Source information:
- Opening Delimiter -
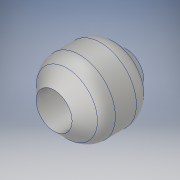
# Autodesk Inventor part: Handle
Saved by Autodesk Inventor 2019 Beta2 (Build 230110000, 110) ContinuousBuild 0
## iProperties
Created: 2015-04-24
Part Number: Handle
Material: Aluminum 6061
Document SubType Name: Modeling
Designer: John Helfen
Density: 2.7 g/cm^3
Appearance: Aluminum - Flat
Author: John Helfen
Autodesk Inventor part; units mm, degrees
ref_plane "YZ Plane" through (0, 0, 0) normal (1, 0, 0) x (0, 1, 0)
ref_plane "XZ Plane" through (0, 0, 0) normal (0, 1, 0) x (-1, 0, 0)
ref_plane "XY Plane" through (0, 0, 0) normal (0, 0, 1) x (1, 0, 0)
sketch "Sketch1" plane through (0, 0, 0) normal (0, 0, 1) x (1, 0, 0)
  circle A0 centre (0, 0) radius 3.175
  circle A1 centre (0, 0) radius 6.35
  dimension "d0" = 6.35
  dimension "d1" = 12.7
  constraints: 2 centre point, 2 coincident
  measures "d0" diameter of A0
  measures "d1" diameter of A1
extrude "Extrusion1" add sketch "Sketch1" against normal blind 12.7
chamfer "Chamfer1" distance 3.175 angle 45 2 edges at (-6.35, 0, 0) (-6.35, 0, -12.7)
fillet "Fillet1" radius 3.175 2 edges at (-6.35, 0, -3.1745) (-6.35, 0, -9.5255)
body "Solid1"
- Closing Delimiter -
Exercise objective:
Copy out, exactly as written, the line that contains "circle A1 centre (0, 0) radius 6.35" along with every line that comes after it in the material above, and nothing else.

Task solution:
  circle A1 centre (0, 0) radius 6.35
  dimension "d0" = 6.35
  dimension "d1" = 12.7
  constraints: 2 centre point, 2 coincident
  measures "d0" diameter of A0
  measures "d1" diameter of A1
extrude "Extrusion1" add sketch "Sketch1" against normal blind 12.7
chamfer "Chamfer1" distance 3.175 angle 45 2 edges at (-6.35, 0, 0) (-6.35, 0, -12.7)
fillet "Fillet1" radius 3.175 2 edges at (-6.35, 0, -3.1745) (-6.35, 0, -9.5255)
body "Solid1"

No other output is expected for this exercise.